Would you retype the entries from the first line to the line bearing "#7=PRODUCT_DEFINITION_CONTEXT('part definition',#1,'design');", both included, leaving out every picture?

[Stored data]
╔══
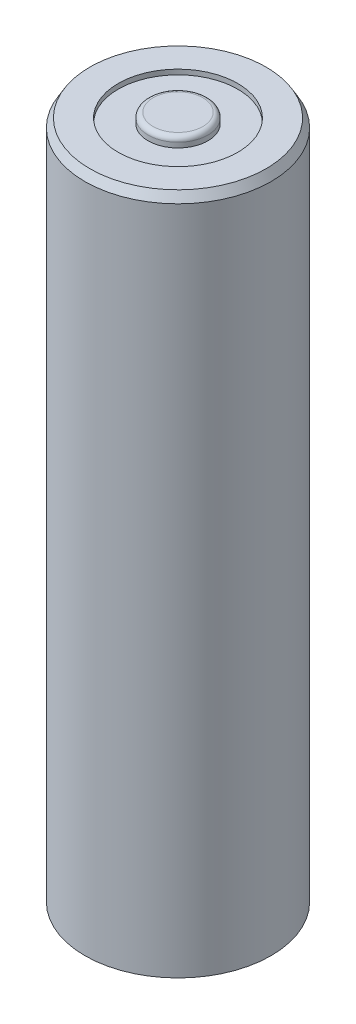
ISO-10303-21;
HEADER;
FILE_DESCRIPTION(('STEP AP214'),'2;1');
FILE_NAME('part.step','',(''),(''),'','','');
FILE_SCHEMA(('AUTOMOTIVE_DESIGN { 1 0 10303 214 1 1 1 1 }'));
ENDSEC;
DATA;
#1=APPLICATION_CONTEXT('core data for automotive mechanical design processes');
#2=APPLICATION_PROTOCOL_DEFINITION('international standard','automotive_design',2000,#1);
#3=PRODUCT_CONTEXT('',#1,'mechanical');
#4=PRODUCT('Part','Part','',(#3));
#5=PRODUCT_RELATED_PRODUCT_CATEGORY('part','',(#4));
#6=PRODUCT_DEFINITION_FORMATION('','',#4);
#7=PRODUCT_DEFINITION_CONTEXT('part definition',#1,'design');
#8=PRODUCT_DEFINITION('design','',#6,#7);
#9=PRODUCT_DEFINITION_SHAPE('','',#8);
#10=(LENGTH_UNIT() NAMED_UNIT(*) SI_UNIT(.MILLI.,.METRE.));
#11=(NAMED_UNIT(*) PLANE_ANGLE_UNIT() SI_UNIT($,.RADIAN.));
#12=(NAMED_UNIT(*) SI_UNIT($,.STERADIAN.) SOLID_ANGLE_UNIT());
#13=UNCERTAINTY_MEASURE_WITH_UNIT(LENGTH_MEASURE(1.E-05),#10,'distance_accuracy_value','');
#14=(GEOMETRIC_REPRESENTATION_CONTEXT(3) GLOBAL_UNCERTAINTY_ASSIGNED_CONTEXT((#13)) GLOBAL_UNIT_ASSIGNED_CONTEXT((#10,
#11,#12)) REPRESENTATION_CONTEXT('',''));
#15=CARTESIAN_POINT('',(0.,0.,0.));
#16=DIRECTION('',(0.,0.,1.));
#17=DIRECTION('',(1.,0.,0.));
#18=AXIS2_PLACEMENT_3D('',#15,#16,#17);
#19=CARTESIAN_POINT('',(0.,68.2,0.));
#20=DIRECTION('',(0.,-1.,0.));
#21=DIRECTION('',(0.,0.,-1.));
#22=AXIS2_PLACEMENT_3D('',#19,#20,#21);
#23=CYLINDRICAL_SURFACE('',#22,9.35);
#24=CARTESIAN_POINT('',(0.,67.3339745962156,0.));
#25=DIRECTION('',(0.,1.,0.));
#26=DIRECTION('',(0.,0.,1.));
#27=AXIS2_PLACEMENT_3D('',#24,#25,#26);
#28=CIRCLE('',#27,9.35);
#29=CARTESIAN_POINT('',(0.,67.3339745962156,9.35));
#30=VERTEX_POINT('',#29);
#31=EDGE_CURVE('E10',#30,#30,#28,.F.);
#32=ORIENTED_EDGE('',*,*,#31,.T.);
#33=EDGE_LOOP('',(#32));
#34=FACE_BOUND('',#33,.T.);
#35=CARTESIAN_POINT('',(0.,0.,0.));
#36=DIRECTION('',(0.,1.,0.));
#37=DIRECTION('',(0.,0.,1.));
#38=AXIS2_PLACEMENT_3D('',#35,#36,#37);
#39=CIRCLE('',#38,9.35);
#40=CARTESIAN_POINT('',(0.,0.,9.35));
#41=VERTEX_POINT('',#40);
#42=EDGE_CURVE('E60',#41,#41,#39,.T.);
#43=ORIENTED_EDGE('',*,*,#42,.T.);
#44=EDGE_LOOP('',(#43));
#45=FACE_BOUND('',#44,.T.);
#46=ADVANCED_FACE('F37',(#34,#45),#23,.T.);
#47=CARTESIAN_POINT('',(0.,68.2,0.));
#48=DIRECTION('',(0.,1.,0.));
#49=DIRECTION('',(0.,0.,1.));
#50=AXIS2_PLACEMENT_3D('',#47,#48,#49);
#51=PLANE('',#50);
#52=CARTESIAN_POINT('',(0.,68.2,0.));
#53=DIRECTION('',(0.,1.,0.));
#54=DIRECTION('',(0.,0.,1.));
#55=AXIS2_PLACEMENT_3D('',#52,#53,#54);
#56=CIRCLE('',#55,8.85);
#57=CARTESIAN_POINT('',(0.,68.2,8.85));
#58=VERTEX_POINT('',#57);
#59=EDGE_CURVE('E45',#58,#58,#56,.T.);
#60=ORIENTED_EDGE('',*,*,#59,.T.);
#61=EDGE_LOOP('',(#60));
#62=FACE_BOUND('',#61,.T.);
#63=CARTESIAN_POINT('',(0.,68.2,0.));
#64=DIRECTION('',(0.,1.,0.));
#65=DIRECTION('',(0.,0.,1.));
#66=AXIS2_PLACEMENT_3D('',#63,#64,#65);
#67=CIRCLE('',#66,6.);
#68=CARTESIAN_POINT('',(0.,68.2,6.));
#69=VERTEX_POINT('',#68);
#70=EDGE_CURVE('E72',#69,#69,#67,.T.);
#71=ORIENTED_EDGE('',*,*,#70,.F.);
#72=EDGE_LOOP('',(#71));
#73=FACE_BOUND('',#72,.T.);
#74=ADVANCED_FACE('F96',(#62,#73),#51,.T.);
#75=CARTESIAN_POINT('',(0.,0.,0.));
#76=DIRECTION('',(0.,1.,0.));
#77=DIRECTION('',(0.,0.,1.));
#78=AXIS2_PLACEMENT_3D('',#75,#76,#77);
#79=PLANE('',#78);
#80=CARTESIAN_POINT('',(0.,0.,0.));
#81=DIRECTION('',(0.,-1.,0.));
#82=DIRECTION('',(0.,0.,-1.));
#83=AXIS2_PLACEMENT_3D('',#80,#81,#82);
#84=CIRCLE('',#83,7.);
#85=CARTESIAN_POINT('',(0.,0.,-7.));
#86=VERTEX_POINT('',#85);
#87=EDGE_CURVE('E64',#86,#86,#84,.T.);
#88=ORIENTED_EDGE('',*,*,#87,.F.);
#89=EDGE_LOOP('',(#88));
#90=FACE_BOUND('',#89,.T.);
#91=ORIENTED_EDGE('',*,*,#42,.F.);
#92=EDGE_LOOP('',(#91));
#93=FACE_BOUND('',#92,.T.);
#94=ADVANCED_FACE('F98',(#90,#93),#79,.F.);
#95=CARTESIAN_POINT('',(0.,0.5,0.));
#96=DIRECTION('',(0.,-1.,0.));
#97=DIRECTION('',(0.,0.,-1.));
#98=AXIS2_PLACEMENT_3D('',#95,#96,#97);
#99=CYLINDRICAL_SURFACE('',#98,7.);
#100=CARTESIAN_POINT('',(0.,0.5,0.));
#101=DIRECTION('',(0.,-1.,0.));
#102=DIRECTION('',(0.,0.,-1.));
#103=AXIS2_PLACEMENT_3D('',#100,#101,#102);
#104=CIRCLE('',#103,7.);
#105=CARTESIAN_POINT('',(0.,0.5,-7.));
#106=VERTEX_POINT('',#105);
#107=EDGE_CURVE('E63',#106,#106,#104,.T.);
#108=ORIENTED_EDGE('',*,*,#107,.F.);
#109=EDGE_LOOP('',(#108));
#110=FACE_BOUND('',#109,.T.);
#111=ORIENTED_EDGE('',*,*,#87,.T.);
#112=EDGE_LOOP('',(#111));
#113=FACE_BOUND('',#112,.T.);
#114=ADVANCED_FACE('F104',(#110,#113),#99,.F.);
#115=CARTESIAN_POINT('',(0.,0.5,0.));
#116=DIRECTION('',(0.,-1.,0.));
#117=DIRECTION('',(0.,0.,-1.));
#118=AXIS2_PLACEMENT_3D('',#115,#116,#117);
#119=PLANE('',#118);
#120=ORIENTED_EDGE('',*,*,#107,.T.);
#121=EDGE_LOOP('',(#120));
#122=FACE_BOUND('',#121,.T.);
#123=ADVANCED_FACE('F92',(#122),#119,.T.);
#124=CARTESIAN_POINT('',(0.,67.7,0.));
#125=DIRECTION('',(0.,1.,0.));
#126=DIRECTION('',(0.,0.,1.));
#127=AXIS2_PLACEMENT_3D('',#124,#125,#126);
#128=CYLINDRICAL_SURFACE('',#127,6.);
#129=CARTESIAN_POINT('',(0.,67.7,0.));
#130=DIRECTION('',(0.,1.,0.));
#131=DIRECTION('',(0.,0.,1.));
#132=AXIS2_PLACEMENT_3D('',#129,#130,#131);
#133=CIRCLE('',#132,6.);
#134=CARTESIAN_POINT('',(0.,67.7,6.));
#135=VERTEX_POINT('',#134);
#136=EDGE_CURVE('E68',#135,#135,#133,.T.);
#137=ORIENTED_EDGE('',*,*,#136,.F.);
#138=EDGE_LOOP('',(#137));
#139=FACE_BOUND('',#138,.T.);
#140=ORIENTED_EDGE('',*,*,#70,.T.);
#141=EDGE_LOOP('',(#140));
#142=FACE_BOUND('',#141,.T.);
#143=ADVANCED_FACE('F86',(#139,#142),#128,.F.);
#144=CARTESIAN_POINT('',(0.,67.7,0.));
#145=DIRECTION('',(0.,1.,0.));
#146=DIRECTION('',(0.,0.,1.));
#147=AXIS2_PLACEMENT_3D('',#144,#145,#146);
#148=PLANE('',#147);
#149=CARTESIAN_POINT('',(0.,67.7,0.));
#150=DIRECTION('',(0.,1.,0.));
#151=DIRECTION('',(0.,0.,1.));
#152=AXIS2_PLACEMENT_3D('',#149,#150,#151);
#153=CIRCLE('',#152,3.);
#154=CARTESIAN_POINT('',(0.,67.7,3.));
#155=VERTEX_POINT('',#154);
#156=EDGE_CURVE('E75',#155,#155,#153,.T.);
#157=ORIENTED_EDGE('',*,*,#156,.F.);
#158=EDGE_LOOP('',(#157));
#159=FACE_BOUND('',#158,.T.);
#160=ORIENTED_EDGE('',*,*,#136,.T.);
#161=EDGE_LOOP('',(#160));
#162=FACE_BOUND('',#161,.T.);
#163=ADVANCED_FACE('F83',(#159,#162),#148,.T.);
#164=CARTESIAN_POINT('',(0.,68.7,0.));
#165=DIRECTION('',(0.,-1.,0.));
#166=DIRECTION('',(0.,0.,-1.));
#167=AXIS2_PLACEMENT_3D('',#164,#165,#166);
#168=CYLINDRICAL_SURFACE('',#167,3.);
#169=CARTESIAN_POINT('',(0.,68.2,0.));
#170=DIRECTION('',(0.,1.,0.));
#171=DIRECTION('',(0.,0.,1.));
#172=AXIS2_PLACEMENT_3D('',#169,#170,#171);
#173=CIRCLE('',#172,3.);
#174=CARTESIAN_POINT('',(0.,68.2,3.));
#175=VERTEX_POINT('',#174);
#176=EDGE_CURVE('E50',#175,#175,#173,.F.);
#177=ORIENTED_EDGE('',*,*,#176,.T.);
#178=EDGE_LOOP('',(#177));
#179=FACE_BOUND('',#178,.T.);
#180=ORIENTED_EDGE('',*,*,#156,.T.);
#181=EDGE_LOOP('',(#180));
#182=FACE_BOUND('',#181,.T.);
#183=ADVANCED_FACE('F81',(#179,#182),#168,.T.);
#184=CARTESIAN_POINT('',(0.,68.7,0.));
#185=DIRECTION('',(0.,1.,0.));
#186=DIRECTION('',(0.,0.,1.));
#187=AXIS2_PLACEMENT_3D('',#184,#185,#186);
#188=PLANE('',#187);
#189=CARTESIAN_POINT('',(0.,68.7,0.));
#190=DIRECTION('',(0.,1.,0.));
#191=DIRECTION('',(0.,0.,1.));
#192=AXIS2_PLACEMENT_3D('',#189,#190,#191);
#193=CIRCLE('',#192,2.5);
#194=CARTESIAN_POINT('',(0.,68.7,2.5));
#195=VERTEX_POINT('',#194);
#196=EDGE_CURVE('E55',#195,#195,#193,.T.);
#197=ORIENTED_EDGE('',*,*,#196,.T.);
#198=EDGE_LOOP('',(#197));
#199=FACE_BOUND('',#198,.T.);
#200=ADVANCED_FACE('F112',(#199),#188,.T.);
#201=CARTESIAN_POINT('',(0.,68.2,0.));
#202=DIRECTION('',(0.,1.,0.));
#203=DIRECTION('',(0.,0.,1.));
#204=AXIS2_PLACEMENT_3D('',#201,#202,#203);
#205=TOROIDAL_SURFACE('',#204,2.5,0.5);
#206=ORIENTED_EDGE('',*,*,#176,.F.);
#207=EDGE_LOOP('',(#206));
#208=FACE_BOUND('',#207,.T.);
#209=ORIENTED_EDGE('',*,*,#196,.F.);
#210=EDGE_LOOP('',(#209));
#211=FACE_BOUND('',#210,.T.);
#212=ADVANCED_FACE('F110',(#208,#211),#205,.T.);
#213=CARTESIAN_POINT('',(0.,68.2,0.));
#214=DIRECTION('',(0.,-1.,0.));
#215=DIRECTION('',(0.,0.,-1.));
#216=AXIS2_PLACEMENT_3D('',#213,#214,#215);
#217=CONICAL_SURFACE('',#216,8.85,0.523598775598294);
#218=ORIENTED_EDGE('',*,*,#31,.F.);
#219=EDGE_LOOP('',(#218));
#220=FACE_BOUND('',#219,.T.);
#221=ORIENTED_EDGE('',*,*,#59,.F.);
#222=EDGE_LOOP('',(#221));
#223=FACE_BOUND('',#222,.T.);
#224=ADVANCED_FACE('F39',(#220,#223),#217,.T.);
#225=CLOSED_SHELL('',(#46,#74,#94,#114,#123,#143,#163,#183,#200,#212,#224));
#226=MANIFOLD_SOLID_BREP('B2',#225);
#227=ADVANCED_BREP_SHAPE_REPRESENTATION('',(#18,#226),#14);
#228=SHAPE_DEFINITION_REPRESENTATION(#9,#227);
ENDSEC;
END-ISO-10303-21;
╚══
*Exercise solution*
ISO-10303-21;
HEADER;
FILE_DESCRIPTION(('STEP AP214'),'2;1');
FILE_NAME('part.step','',(''),(''),'','','');
FILE_SCHEMA(('AUTOMOTIVE_DESIGN { 1 0 10303 214 1 1 1 1 }'));
ENDSEC;
DATA;
#1=APPLICATION_CONTEXT('core data for automotive mechanical design processes');
#2=APPLICATION_PROTOCOL_DEFINITION('international standard','automotive_design',2000,#1);
#3=PRODUCT_CONTEXT('',#1,'mechanical');
#4=PRODUCT('Part','Part','',(#3));
#5=PRODUCT_RELATED_PRODUCT_CATEGORY('part','',(#4));
#6=PRODUCT_DEFINITION_FORMATION('','',#4);
#7=PRODUCT_DEFINITION_CONTEXT('part definition',#1,'design');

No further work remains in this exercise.